= Arnold L. Rosenberg =

American computer scientist

Arnold Leonard Rosenberg (born February 11, 1941) is an American computer scientist. He is a distinguished university professor emeritus at the University of Massachusetts Amherst, and despite his retirement from UMass he continues to hold research positions at Northeastern University and Colorado State University.

Rosenberg is known, among other contributions, for formulating the Aanderaa–Karp–Rosenberg conjecture stating that many nontrivial properties in graph theory cannot be answered without testing for the presence or absence of every possible edge in a given graph.

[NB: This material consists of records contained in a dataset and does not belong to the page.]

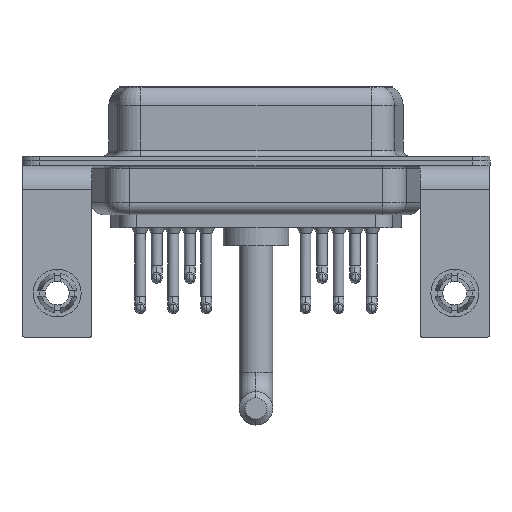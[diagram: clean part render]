
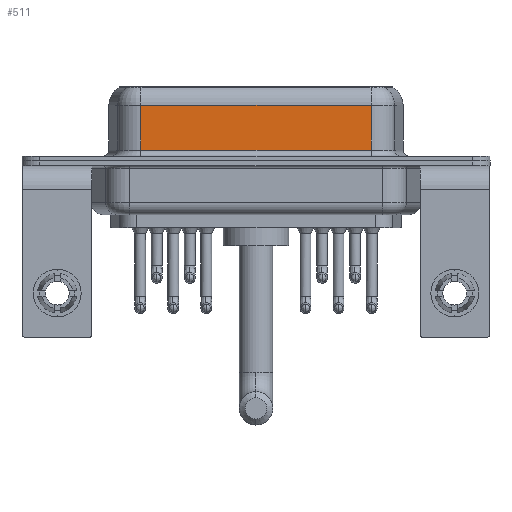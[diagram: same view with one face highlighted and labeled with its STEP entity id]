
A CAD part, front view. The second image highlights one B-rep face of the part: STEP entity #511.
In plain terms, the highlighted planar face has unit normal (0, -1, 0).
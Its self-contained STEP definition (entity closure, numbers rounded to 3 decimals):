
#489 = EDGE_CURVE ( 'NONE', #3411, #7464, #17789, .T. ) ;
#511 = ADVANCED_FACE ( 'NONE', ( #16624 ), #15010, .F. ) ;
#990 = DIRECTION ( 'NONE',  ( 0., 0., -1. ) ) ;
#3123 = CARTESIAN_POINT ( 'NONE',  ( 7.013, -3.95, 4.65 ) ) ;
#3186 = DIRECTION ( 'NONE',  ( -1., 0., 0. ) ) ;
#3411 = VERTEX_POINT ( 'NONE', #3600 ) ;
#3550 = LINE ( 'NONE', #10042, #9897 ) ;
#3600 = CARTESIAN_POINT ( 'NONE',  ( 26.287, -3.95, 4.65 ) ) ;
#4294 = CARTESIAN_POINT ( 'NONE',  ( 7.013, -3.95, 6.4 ) ) ;
#4353 = ORIENTED_EDGE ( 'NONE', *, *, #9801, .F. ) ;
#4501 = CARTESIAN_POINT ( 'NONE',  ( 26.287, -3.95, 0.9 ) ) ;
#4863 = VECTOR ( 'NONE', #18036, 1000. ) ;
#5790 = ORIENTED_EDGE ( 'NONE', *, *, #489, .T. ) ;
#6959 = CARTESIAN_POINT ( 'NONE',  ( 26.287, -3.95, 0.9 ) ) ;
#7464 = VERTEX_POINT ( 'NONE', #3123 ) ;
#9180 = VERTEX_POINT ( 'NONE', #14557 ) ;
#9801 = EDGE_CURVE ( 'NONE', #3411, #19816, #3550, .T. ) ;
#9897 = VECTOR ( 'NONE', #16562, 1000. ) ;
#9956 = VECTOR ( 'NONE', #990, 1000. ) ;
#10042 = CARTESIAN_POINT ( 'NONE',  ( 26.287, -3.95, 6.4 ) ) ;
#12236 = EDGE_LOOP ( 'NONE', ( #4353, #5790, #18954, #19613 ) ) ;
#14557 = CARTESIAN_POINT ( 'NONE',  ( 7.013, -3.95, 0.9 ) ) ;
#15010 = PLANE ( 'NONE',  #19242 ) ;
#15192 = VECTOR ( 'NONE', #3186, 1000. ) ;
#15430 = DIRECTION ( 'NONE',  ( 0., 0., 1. ) ) ;
#15496 = LINE ( 'NONE', #4294, #9956 ) ;
#16562 = DIRECTION ( 'NONE',  ( 0., 0., -1. ) ) ;
#16624 = FACE_OUTER_BOUND ( 'NONE', #12236, .T. ) ;
#16874 = LINE ( 'NONE', #6959, #4863 ) ;
#16921 = EDGE_CURVE ( 'NONE', #7464, #9180, #15496, .T. ) ;
#16940 = CARTESIAN_POINT ( 'NONE',  ( 26.287, -3.95, 6.4 ) ) ;
#17222 = EDGE_CURVE ( 'NONE', #9180, #19816, #16874, .T. ) ;
#17789 = LINE ( 'NONE', #18100, #15192 ) ;
#18036 = DIRECTION ( 'NONE',  ( 1., 0., 0. ) ) ;
#18100 = CARTESIAN_POINT ( 'NONE',  ( 26.287, -3.95, 4.65 ) ) ;
#18954 = ORIENTED_EDGE ( 'NONE', *, *, #16921, .T. ) ;
#19242 = AXIS2_PLACEMENT_3D ( 'NONE', #16940, #20012, #15430 ) ;
#19613 = ORIENTED_EDGE ( 'NONE', *, *, #17222, .T. ) ;
#19816 = VERTEX_POINT ( 'NONE', #4501 ) ;
#20012 = DIRECTION ( 'NONE',  ( 0., 1., 0. ) ) ;

Rosenberg did both his undergraduate and graduate studies at Harvard University, receiving a bachelor's degree in 1962 and a Ph.D. in 1966 under the supervision of Patrick C. Fischer.
Prior to joining the UMass faculty, Rosenberg worked at the Thomas J. Watson Research Center from 1965 until 1981, and was a faculty member at Duke University from 1981 until 1985. He was elected a fellow of the Association for Computing Machinery in 1996 for his work on "graph-theoretic models of computation, emphasizing theoretical studies of parallel algorithms and architectures, VLSI design and layout, and data structures". In 1997, he was elected as a fellow of the IEEE "for fundamental contributions to theoretical aspects of computer science and engineering".